Content starts

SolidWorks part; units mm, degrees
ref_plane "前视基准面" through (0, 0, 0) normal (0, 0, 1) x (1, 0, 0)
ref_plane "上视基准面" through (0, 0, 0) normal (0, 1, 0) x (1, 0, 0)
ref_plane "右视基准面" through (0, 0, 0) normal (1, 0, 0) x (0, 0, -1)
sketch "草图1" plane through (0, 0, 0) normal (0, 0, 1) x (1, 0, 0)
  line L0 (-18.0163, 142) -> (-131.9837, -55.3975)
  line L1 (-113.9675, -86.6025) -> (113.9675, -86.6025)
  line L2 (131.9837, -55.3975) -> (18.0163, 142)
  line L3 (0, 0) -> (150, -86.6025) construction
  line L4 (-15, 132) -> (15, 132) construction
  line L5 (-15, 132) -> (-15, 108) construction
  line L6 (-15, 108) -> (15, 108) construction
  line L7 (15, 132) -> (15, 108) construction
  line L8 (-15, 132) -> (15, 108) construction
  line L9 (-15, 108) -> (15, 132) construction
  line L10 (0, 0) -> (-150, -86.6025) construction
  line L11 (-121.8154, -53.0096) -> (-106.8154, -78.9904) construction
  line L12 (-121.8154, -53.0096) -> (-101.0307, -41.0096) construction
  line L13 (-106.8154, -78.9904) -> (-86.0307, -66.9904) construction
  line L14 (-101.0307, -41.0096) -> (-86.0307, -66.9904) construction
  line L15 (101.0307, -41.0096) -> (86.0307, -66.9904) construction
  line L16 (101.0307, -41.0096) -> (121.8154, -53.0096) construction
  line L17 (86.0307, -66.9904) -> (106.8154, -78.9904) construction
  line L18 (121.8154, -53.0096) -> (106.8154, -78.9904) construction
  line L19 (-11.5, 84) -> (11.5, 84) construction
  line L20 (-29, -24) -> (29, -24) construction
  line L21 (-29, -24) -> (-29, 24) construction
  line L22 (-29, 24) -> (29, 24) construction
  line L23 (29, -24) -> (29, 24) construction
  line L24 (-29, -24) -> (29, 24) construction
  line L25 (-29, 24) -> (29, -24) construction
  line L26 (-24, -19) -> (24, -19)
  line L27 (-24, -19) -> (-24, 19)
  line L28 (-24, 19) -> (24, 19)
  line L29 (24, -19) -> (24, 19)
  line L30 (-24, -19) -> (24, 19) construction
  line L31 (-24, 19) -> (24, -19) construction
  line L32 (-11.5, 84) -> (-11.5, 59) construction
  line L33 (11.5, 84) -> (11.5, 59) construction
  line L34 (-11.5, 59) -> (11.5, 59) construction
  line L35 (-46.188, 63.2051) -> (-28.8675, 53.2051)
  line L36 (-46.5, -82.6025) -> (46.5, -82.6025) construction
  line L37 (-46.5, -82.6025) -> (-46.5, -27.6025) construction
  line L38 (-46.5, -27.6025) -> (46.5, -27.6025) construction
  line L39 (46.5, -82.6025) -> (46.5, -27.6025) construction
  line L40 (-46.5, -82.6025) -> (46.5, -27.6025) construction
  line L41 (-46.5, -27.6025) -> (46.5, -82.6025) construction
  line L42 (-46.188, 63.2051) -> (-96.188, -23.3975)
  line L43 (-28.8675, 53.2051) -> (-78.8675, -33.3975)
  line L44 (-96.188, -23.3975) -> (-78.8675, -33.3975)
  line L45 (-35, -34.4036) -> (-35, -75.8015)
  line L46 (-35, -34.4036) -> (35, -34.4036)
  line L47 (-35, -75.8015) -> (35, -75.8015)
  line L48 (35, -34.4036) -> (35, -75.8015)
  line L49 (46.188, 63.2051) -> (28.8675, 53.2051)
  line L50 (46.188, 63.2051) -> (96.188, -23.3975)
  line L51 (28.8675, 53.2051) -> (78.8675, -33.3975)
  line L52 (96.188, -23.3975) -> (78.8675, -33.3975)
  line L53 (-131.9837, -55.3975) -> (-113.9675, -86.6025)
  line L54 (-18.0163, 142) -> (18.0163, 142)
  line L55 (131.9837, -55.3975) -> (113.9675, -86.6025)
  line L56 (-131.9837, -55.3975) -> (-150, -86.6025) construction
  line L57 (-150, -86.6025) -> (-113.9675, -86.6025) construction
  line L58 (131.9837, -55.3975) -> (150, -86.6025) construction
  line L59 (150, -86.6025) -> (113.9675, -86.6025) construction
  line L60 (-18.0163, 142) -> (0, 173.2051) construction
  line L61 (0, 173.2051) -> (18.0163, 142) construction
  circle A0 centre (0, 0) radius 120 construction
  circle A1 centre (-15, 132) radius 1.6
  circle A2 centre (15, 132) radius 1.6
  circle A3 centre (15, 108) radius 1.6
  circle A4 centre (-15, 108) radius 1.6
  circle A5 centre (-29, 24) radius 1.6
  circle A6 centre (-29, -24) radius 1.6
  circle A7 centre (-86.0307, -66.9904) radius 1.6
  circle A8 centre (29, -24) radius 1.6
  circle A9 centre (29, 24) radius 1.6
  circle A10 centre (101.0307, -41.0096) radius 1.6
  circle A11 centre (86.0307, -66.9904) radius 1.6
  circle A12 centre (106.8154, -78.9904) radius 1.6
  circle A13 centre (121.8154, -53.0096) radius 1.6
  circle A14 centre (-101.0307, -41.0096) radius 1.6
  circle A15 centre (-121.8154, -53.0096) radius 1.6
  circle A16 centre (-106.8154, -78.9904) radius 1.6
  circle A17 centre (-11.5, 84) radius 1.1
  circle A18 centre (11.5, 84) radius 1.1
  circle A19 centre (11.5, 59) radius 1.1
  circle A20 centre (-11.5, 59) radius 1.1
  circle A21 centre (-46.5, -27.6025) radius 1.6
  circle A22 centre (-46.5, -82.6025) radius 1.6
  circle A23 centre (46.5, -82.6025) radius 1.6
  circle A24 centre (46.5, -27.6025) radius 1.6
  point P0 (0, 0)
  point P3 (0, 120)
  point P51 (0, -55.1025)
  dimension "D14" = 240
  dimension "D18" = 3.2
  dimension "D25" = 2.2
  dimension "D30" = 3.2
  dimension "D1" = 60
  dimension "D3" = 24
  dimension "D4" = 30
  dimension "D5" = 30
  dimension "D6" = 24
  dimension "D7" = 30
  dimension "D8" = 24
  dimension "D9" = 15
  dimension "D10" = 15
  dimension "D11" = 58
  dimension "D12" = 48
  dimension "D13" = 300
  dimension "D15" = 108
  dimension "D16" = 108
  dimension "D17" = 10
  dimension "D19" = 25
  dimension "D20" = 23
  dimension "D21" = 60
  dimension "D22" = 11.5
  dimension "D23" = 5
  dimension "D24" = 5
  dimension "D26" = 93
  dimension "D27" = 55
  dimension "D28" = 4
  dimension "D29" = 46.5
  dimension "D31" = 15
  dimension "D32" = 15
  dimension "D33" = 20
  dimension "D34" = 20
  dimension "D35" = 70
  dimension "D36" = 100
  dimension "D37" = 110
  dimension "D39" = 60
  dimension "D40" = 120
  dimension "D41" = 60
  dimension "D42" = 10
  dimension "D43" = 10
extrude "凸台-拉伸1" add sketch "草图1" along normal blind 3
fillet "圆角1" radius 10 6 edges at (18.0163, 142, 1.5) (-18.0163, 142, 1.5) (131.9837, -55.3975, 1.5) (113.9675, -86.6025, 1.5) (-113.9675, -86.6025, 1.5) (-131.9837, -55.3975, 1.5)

Content ends

_THE PROBLEM_:
The expected output is every line from the material above where "through" can be found.

_ANSWER SECTION_:
ref_plane "前视基准面" through (0, 0, 0) normal (0, 0, 1) x (1, 0, 0)
ref_plane "上视基准面" through (0, 0, 0) normal (0, 1, 0) x (1, 0, 0)
ref_plane "右视基准面" through (0, 0, 0) normal (1, 0, 0) x (0, 0, -1)
sketch "草图1" plane through (0, 0, 0) normal (0, 0, 1) x (1, 0, 0)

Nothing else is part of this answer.